If the row_cache_url
attribute of a Table is set, a call to get_rows_as_binary
will first check if the data is already cached at the given URL. If so, the cached data is returned. Otherwise, the data is serialized and cached at the given URL.
[54]:
# Observe that the row cache url is empty and the row cache is not populated
print(f"Table row cache: {table.row_cache_url}")
print(f"Row cache is populated? {table.row_cache_populated}")
table.set_row_cache_url(tlc.Url("../row_cache.parquet"))
table.get_rows_as_binary()
# After the above call, the row cache is populated
print(f"Table row cache: {table.row_cache_url}")
print(f"Row cache is populated? {table.row_cache_populated}")
Table row cache: ../row_cache.parquet
Row cache is populated? True
Table row cache: ../row_cache.parquet
Row cache is populated? True
Table Operations¶
Tables are immutable. This ensures that the lineage of a dataset is always kept intact. This is important in order to be able to experiment with different dataset revisions. Performing modifications to tables is in practice accomplished by creating new tables deriving from input tables.
[55]:
# An example of adding a column to a table, which creates a new table inheriting from the input table
column_added_table = table.add_column("new_column", [7, 8, 9])
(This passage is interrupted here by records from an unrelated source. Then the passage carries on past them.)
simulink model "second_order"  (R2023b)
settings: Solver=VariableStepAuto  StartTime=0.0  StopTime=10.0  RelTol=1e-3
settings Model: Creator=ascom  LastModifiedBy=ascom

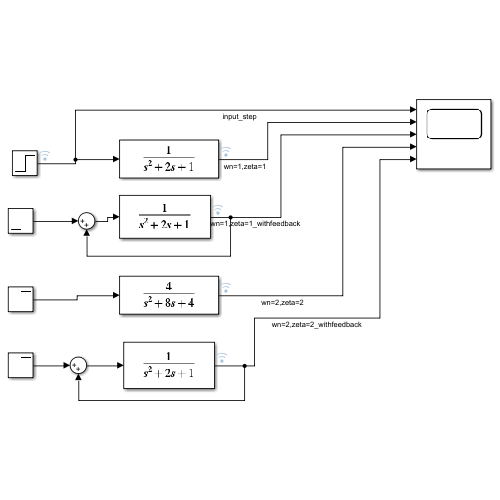
[thumbnail: Simulink's stored preview of the top-level diagram]
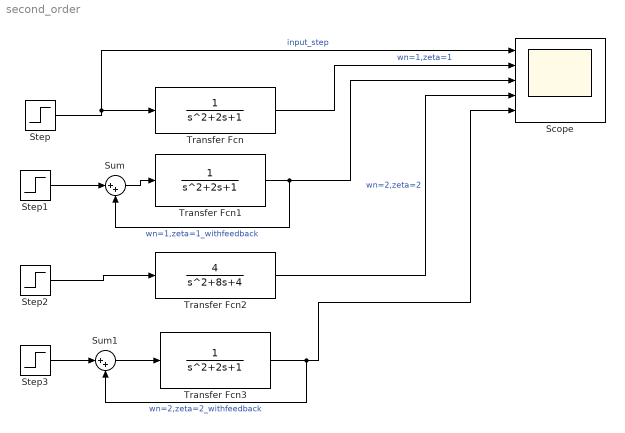
== system second_order ==
  Scope : Scope  NumInputPorts=5
  Step{,1..3} (4 alike) : Step  SampleTime=0
  Sum : Sum  Inputs=|++
  Sum1 : Sum  Inputs=|++
  Transfer Fcn : TransferFcn
  Transfer Fcn1 : TransferFcn
  Transfer Fcn2 : TransferFcn  Numerator=[4]  Denominator=[1 8 4]
  Transfer Fcn3 : TransferFcn
  wires:
  Step/1 -> Scope/1, Transfer Fcn/1  "input_step"
  Transfer Fcn/1 -> Scope/2  "wn=1,zeta=1"
  Sum/1 -> Transfer Fcn1/1
  Step1/1 -> Sum/1
  Transfer Fcn1/1 -> Sum/2, Scope/3  "wn=1,zeta=1_withfeedback"
  Step2/1 -> Transfer Fcn2/1
  Transfer Fcn2/1 -> Scope/4  "wn=2,zeta=2"
  Step3/1 -> Sum1/1
  Sum1/1 -> Transfer Fcn3/1
  Transfer Fcn3/1 -> Sum1/2, Scope/5  "wn=2,zeta=2_withfeedback"
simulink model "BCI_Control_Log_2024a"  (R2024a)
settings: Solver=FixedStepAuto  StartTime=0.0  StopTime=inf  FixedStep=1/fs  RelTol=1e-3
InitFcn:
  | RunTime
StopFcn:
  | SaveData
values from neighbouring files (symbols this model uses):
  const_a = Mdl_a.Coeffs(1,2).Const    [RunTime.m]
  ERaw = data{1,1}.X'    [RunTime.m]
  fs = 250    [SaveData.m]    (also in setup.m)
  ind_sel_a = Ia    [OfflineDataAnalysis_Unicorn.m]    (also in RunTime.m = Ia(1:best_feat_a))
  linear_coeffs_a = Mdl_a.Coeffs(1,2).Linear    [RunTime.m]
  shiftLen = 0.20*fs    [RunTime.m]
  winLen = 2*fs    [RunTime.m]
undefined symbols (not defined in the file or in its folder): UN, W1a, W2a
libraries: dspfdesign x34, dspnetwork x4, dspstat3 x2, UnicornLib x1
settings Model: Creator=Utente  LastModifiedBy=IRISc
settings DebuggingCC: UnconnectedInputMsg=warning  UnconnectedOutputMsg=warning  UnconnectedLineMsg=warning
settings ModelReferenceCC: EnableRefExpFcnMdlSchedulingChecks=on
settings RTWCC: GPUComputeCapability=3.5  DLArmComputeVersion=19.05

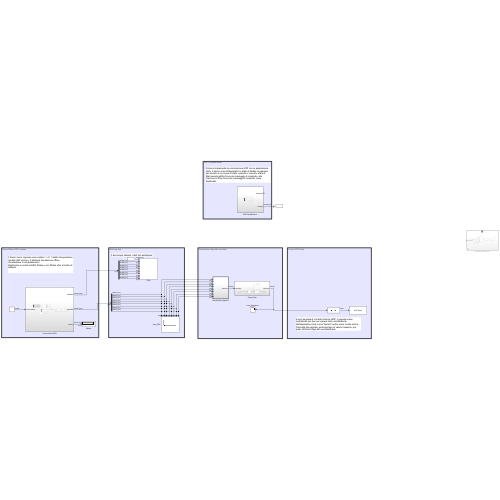
[thumbnail: Simulink's stored preview of the top-level diagram]
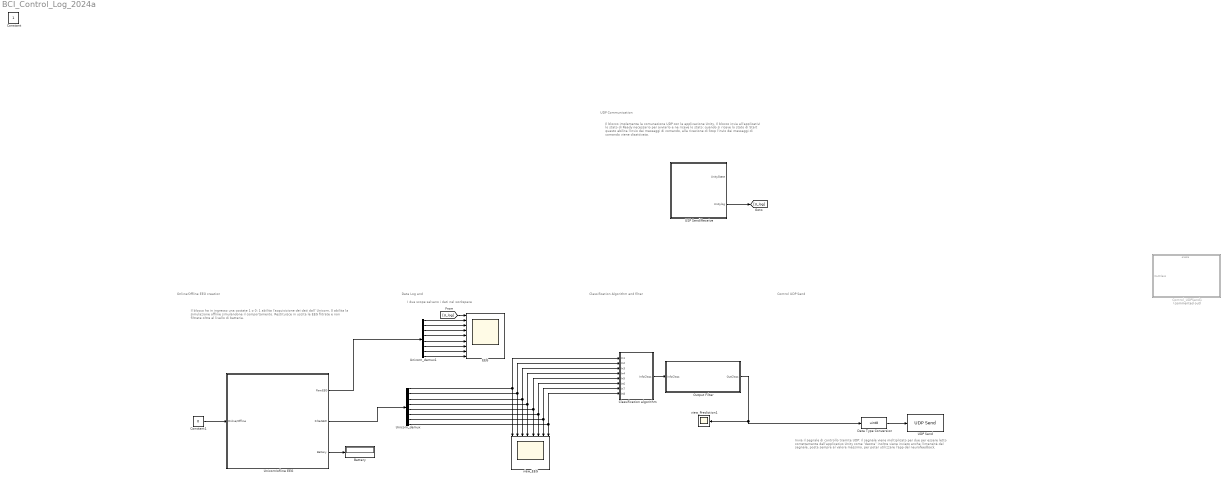
== system BCI_Control_Log_2024a ==
  note: Invia il segnale di controllo tramite UDP: il segnale viene moltiplicato per due per essere letto correttamente dall'applicativo Unity come "destra" inoltre viene inviato anche l'intensità del segnale, posta sempre al valore massimo, per poter utilizzare l'app del neurofeedback.
  note: Control UDP Send
  note: Il blocco implementa la comunazione UDP con le applicazione Unity. Il blocco invia all'applicativi lo stato di Ready necessario per avviarlo e ne riceve lo stato: quando si riceve lo stato di Start questo abilita l'invio dei messaggi di comando, alla ricezione di Stop l'invio dei messaggi di comando viene disattivata.
  note: UDP Communication
  note: Classification Algorithm and filter
  note: I due scope salvano i dati nel workspace
  note: Data Log and
  note: Il blocco ha in ingresso una costate 1 o 0: 1 abilita l'acquisizione dei dati dall' Unicorn, 0 abilita la simulazione offline simulandone il comportamento.
      | Restituisce in uscita le EEG flitrate e non filtrate oltre al livello di batteria.
  note: Online/Offline EEG creation
  Battery : Display
  Classification algorithm : Subsystem  TreatAsAtomicUnit=on
  Constant1 : Constant  Value=0
  Control_UDPSend1 : Subsystem  Commented=on
  Data Type Conversion : DataTypeConversion  OutDataTypeStr=uint8  SaturateOnIntegerOverflow=off  RndMeth=Floor
  EEG : Scope  NumInputPorts=9
  Output Filter : Subsystem
  UDP Send : dspnetwork/UDP Send  remoteURL='127.0.0.1'  remotePort=5010  localURL='0.0.0.0'  localPortSource=Automatically determine  localPort=-1  sendBufferSize=8192  sampletime=-1  blockPlatform=[]  separateLengthPort=0
  "USP Send/Receive " : Subsystem
  Unicorn/ofline EEG : Subsystem
  Unicorn_demux : Demux  Outputs=8
  Unicorn_demux1 : Demux  Outputs=8
  view_EEG : Scope  NumInputPorts=8
  view_Prediction1 : Scope
  Constant : Constant  IOType=siggen
  wires:
  Unicorn_demux/8 -> Classification algorithm/8(In8), view_EEG/8
  Unicorn_demux/7 -> Classification algorithm/7(In7), view_EEG/7
  Unicorn_demux/6 -> Classification algorithm/6(In6), view_EEG/6
  Unicorn_demux/5 -> Classification algorithm/5(In5), view_EEG/5
  Unicorn_demux/4 -> Classification algorithm/4(In4), view_EEG/4
  Unicorn_demux/1 -> Classification algorithm/1(In1), view_EEG/1
  Unicorn_demux/2 -> Classification algorithm/2(In2), view_EEG/2
  Unicorn_demux/3 -> Classification algorithm/3(In3), view_EEG/3
  Classification algorithm/1(InfoClass) -> Output Filter/1(InfoClass)
  Output Filter/1(OutClass) -> Data Type Conversion/1, view_Prediction1/1
  Unicorn/ofline EEG/2(FilterEEG) -> Unicorn_demux/1
  Unicorn/ofline EEG/1(RawEEG) -> Unicorn_demux1/1
  Unicorn/ofline EEG/3(Battery) -> Battery/1
  Constant1/1 -> Unicorn/ofline EEG/1(Online/Offline)
  Unicorn_demux1/1 -> EEG/2
  Unicorn_demux1/2 -> EEG/3
  Unicorn_demux1/3 -> EEG/4
  Unicorn_demux1/4 -> EEG/5
  Unicorn_demux1/5 -> EEG/6
  Unicorn_demux1/6 -> EEG/7
  Unicorn_demux1/7 -> EEG/8
  Unicorn_demux1/8 -> EEG/9
  "USP Send/Receive "/2(Unitylog) -> [U_log]
  [U_log] -> EEG/1
  Data Type Conversion/1 -> UDP Send/1

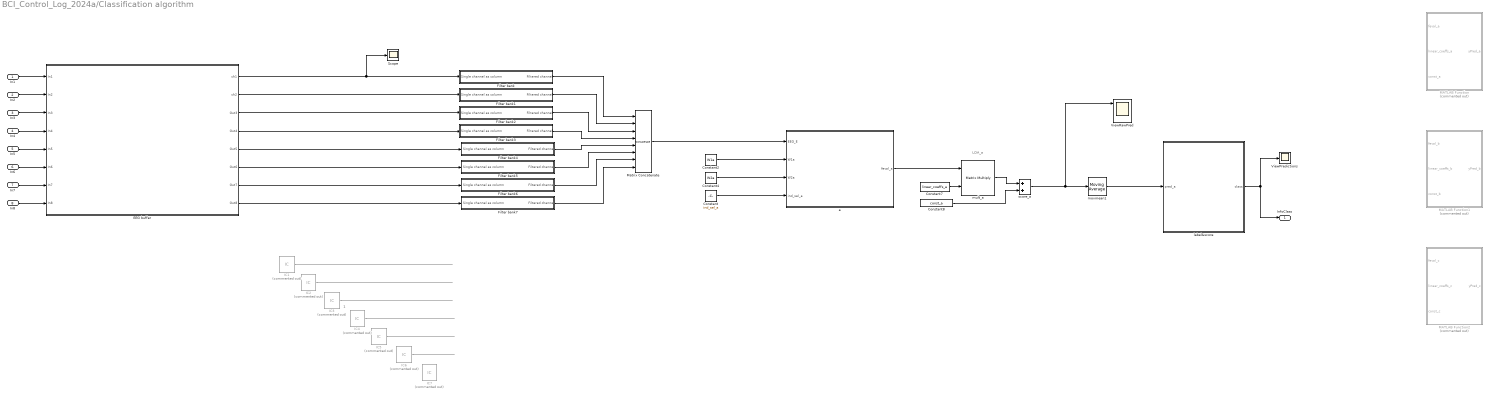
== system BCI_Control_Log_2024a/Classification algorithm ==
  note: LDA_a
  note: 1
  In1 : Inport
  In2 : Inport  Port=2
  In3 : Inport  Port=3
  In4 : Inport  Port=4
  In5 : Inport  Port=5
  In6 : Inport  Port=6
  In7 : Inport  Port=7
  In8 : Inport  Port=8
  Constant : Constant  Value=ind_sel_a
  Constant2 : Constant  Value=W1a
  Constant4 : Constant  Value=W2a
  Constant7 : Constant  Value=linear_coeffs_a
  Constant8 : Constant  Value=const_a
  EEG buffer : Subsystem
  Filter bank : Subsystem
  Filter bank1 : Subsystem
  Filter bank2 : Subsystem
  Filter bank3 : Subsystem
  Filter bank4 : Subsystem
  Filter bank5 : Subsystem
  Filter bank6 : Subsystem
  Filter bank7 : Subsystem
  IC{1..7} (7 alike) : InitialCondition  Commented=on  Value=0.1
  MATLAB Function : MATLAB Function  Commented=on  TreatAsAtomicUnit=on
  MATLAB Function1 : MATLAB Function  Commented=on  TreatAsAtomicUnit=on
  MATLAB Function2 : MATLAB Function  Commented=on  TreatAsAtomicUnit=on
  Matrix Concatenate : Concatenate  NumInputs=8  Mode=Multidimensional array  ConcatenateDimension=3
  Scope : Scope
  ViewPredictions : Scope
  ViewRawPred : Scope  NumInputPorts=3
  a : MATLAB Function  TreatAsAtomicUnit=on
  label&score : MATLAB Function  TreatAsAtomicUnit=on
  movmean1 : dspstat3/Moving Average  Method=Sliding window  ForgettingFactorPort=off  SpecifyWindowLength=on  WindowLength=3  OverlapLength=2  AllowArbitraryInputLength=off  ForgettingFactor=0.9  SimulateUsing=Code generation
  mult_a : Product  Multiplication=Matrix(*)
  score_a : Sum
  InfoClass : Outport
  wires:
  In1/1 -> EEG buffer/1(In1)
  In2/1 -> EEG buffer/2(In2)
  In3/1 -> EEG buffer/3(In3)
  In4/1 -> EEG buffer/4(In4)
  In5/1 -> EEG buffer/5(In5)
  In6/1 -> EEG buffer/6(In6)
  In7/1 -> EEG buffer/7(In7)
  In8/1 -> EEG buffer/8(In8)
  EEG buffer/1(ch1) -> Scope/1, Filter bank/1(Single channel as column)
  label&score/1(class) -> ViewPredictions/1, InfoClass/1
  Filter bank5/1(Filtered channel) -> Matrix Concatenate/6
  Filter bank6/1(Filtered channel) -> Matrix Concatenate/7
  a/1(feval_a) -> mult_a/1
  Filter bank4/1(Filtered channel) -> Matrix Concatenate/5
  Filter bank1/1(Filtered channel) -> Matrix Concatenate/2
  Filter bank7/1(Filtered channel) -> Matrix Concatenate/8
  Filter bank2/1(Filtered channel) -> Matrix Concatenate/3
  Filter bank3/1(Filtered channel) -> Matrix Concatenate/4
  Filter bank/1(Filtered channel) -> Matrix Concatenate/1
  Matrix Concatenate/1 -> a/1(EEG_E)
  EEG buffer/8(Out8) -> Filter bank7/1(Single channel as column)
  Constant/1 -> a/4(ind_sel_a)
  Constant4/1 -> a/3(W2a)
  Constant2/1 -> a/2(W1a)
  Constant7/1 -> mult_a/2
  Constant8/1 -> score_a/2
  score_a/1 -> ViewRawPred/1, movmean1/1
  mult_a/1 -> score_a/1
  IC1/1 -> ?
  IC4/1 -> ?
  ? -> IC6/1
  IC2/1 -> ?
  ? -> IC2/1
  IC5/1 -> ?
  ? -> IC5/1
  ? -> IC7/1
  ? -> IC4/1
  IC3/1 -> ?
  ? -> IC1/1
  IC6/1 -> ?
  ? -> IC3/1
  EEG buffer/2(ch2) -> Filter bank1/1(Single channel as column)
  EEG buffer/3(Out3) -> Filter bank2/1(Single channel as column)
  EEG buffer/4(Out4) -> Filter bank3/1(Single channel as column)
  EEG buffer/5(Out5) -> Filter bank4/1(Single channel as column)
  EEG buffer/6(Out6) -> Filter bank5/1(Single channel as column)
  EEG buffer/7(Out7) -> Filter bank6/1(Single channel as column)
  movmean1/1 -> label&score/1(pred_a)

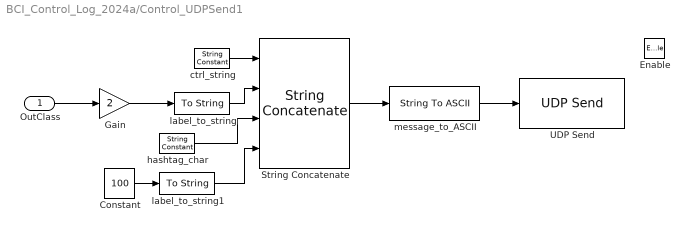
== system BCI_Control_Log_2024a/Control_UDPSend1 ==
  OutClass : Inport
  Enable : EnablePort
  Constant : Constant  Value=100
  Gain : Gain  Gain=2
  String Concatenate : StringConcatenate  Inputs=4
  UDP Send : dspnetwork/UDP Send  remoteURL='127.0.0.1'  remotePort=8000  localURL='0.0.0.0'  localPortSource=Automatically determine  localPort=-1  sendBufferSize=8192  sampletime=-1  blockPlatform=[]  separateLengthPort=0
  ctrl_string : StringConstant  String="\"ctrl#\""
  hashtag_char : StringConstant  String="\"#\""
  label_to_string : ToString
  label_to_string1 : ToString
  message_to_ASCII : StringToASCII
  wires:
  String Concatenate/1 -> message_to_ASCII/1
  label_to_string/1 -> String Concatenate/2
  OutClass/1 -> Gain/1
  ctrl_string/1 -> String Concatenate/1
  message_to_ASCII/1 -> UDP Send/1
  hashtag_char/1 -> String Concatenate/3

These “table operations” are the primary mechanism which enables 3LC to store and process sparse modifications to datasets.
Derived tables can also be the result of filtering, subsetting, and other transformations.
Finally, Tables are the primary mechanism by which 3LC stores metrics.
[56]:
# Creates a SubsetTable which includes 75% of the rows in the input table
subset_table = tlc.SubsetTable(
input_table_url=column_added_table,
range_factor_min=0.0,
range_factor_max=1.0,
include_probability=0.75,
)
[57]:
# Creates a FilteredTable which includes only rows where the value in the "new_column" column is greater than 7
filtered_table = tlc.FilteredTable(
input_table_url=column_added_table,
filter_criterion=tlc.NumericRangeFilterCriterion(
attribute="new_column",
min_value=7,
max_value=10,
),
)
Table Revisions¶
3LC maintains an index over all known projects and objects, including tables. This index is kept up-to-date using a background indexing system. The most up-to-date revision of any given dataset can be queried with the Table.latest
method.
[ ]:
from tlc import Table
initial_url = "..."
table = Table.from_url(initial_url)
latest_rev = table.latest() # make sure the latest revision is in use
Using Table.latest()
in Your Code¶
The Table.latest()
method is particularly important when working with evolving datasets, especially during iterative training workflows. When you make changes to your data in the Dashboard (such as adjusting sample weights, adding labels, or filtering data), these changes create new table revisions and training should (almost) always be performed on the most up-to-date version.
[ ]:
import tlc
# Load a table and ensure you're working with the most recent version
table = tlc.Table.from_names(project_name="my_project", dataset_name="training_data", table_name="images")
# Get the latest revision (includes any Dashboard edits)
latest_table = table.latest()
# Use in training - this will include the most recent weights/filters
The Table.latest
method relies on the 3LC indexing system to track relationships between different versions of your files.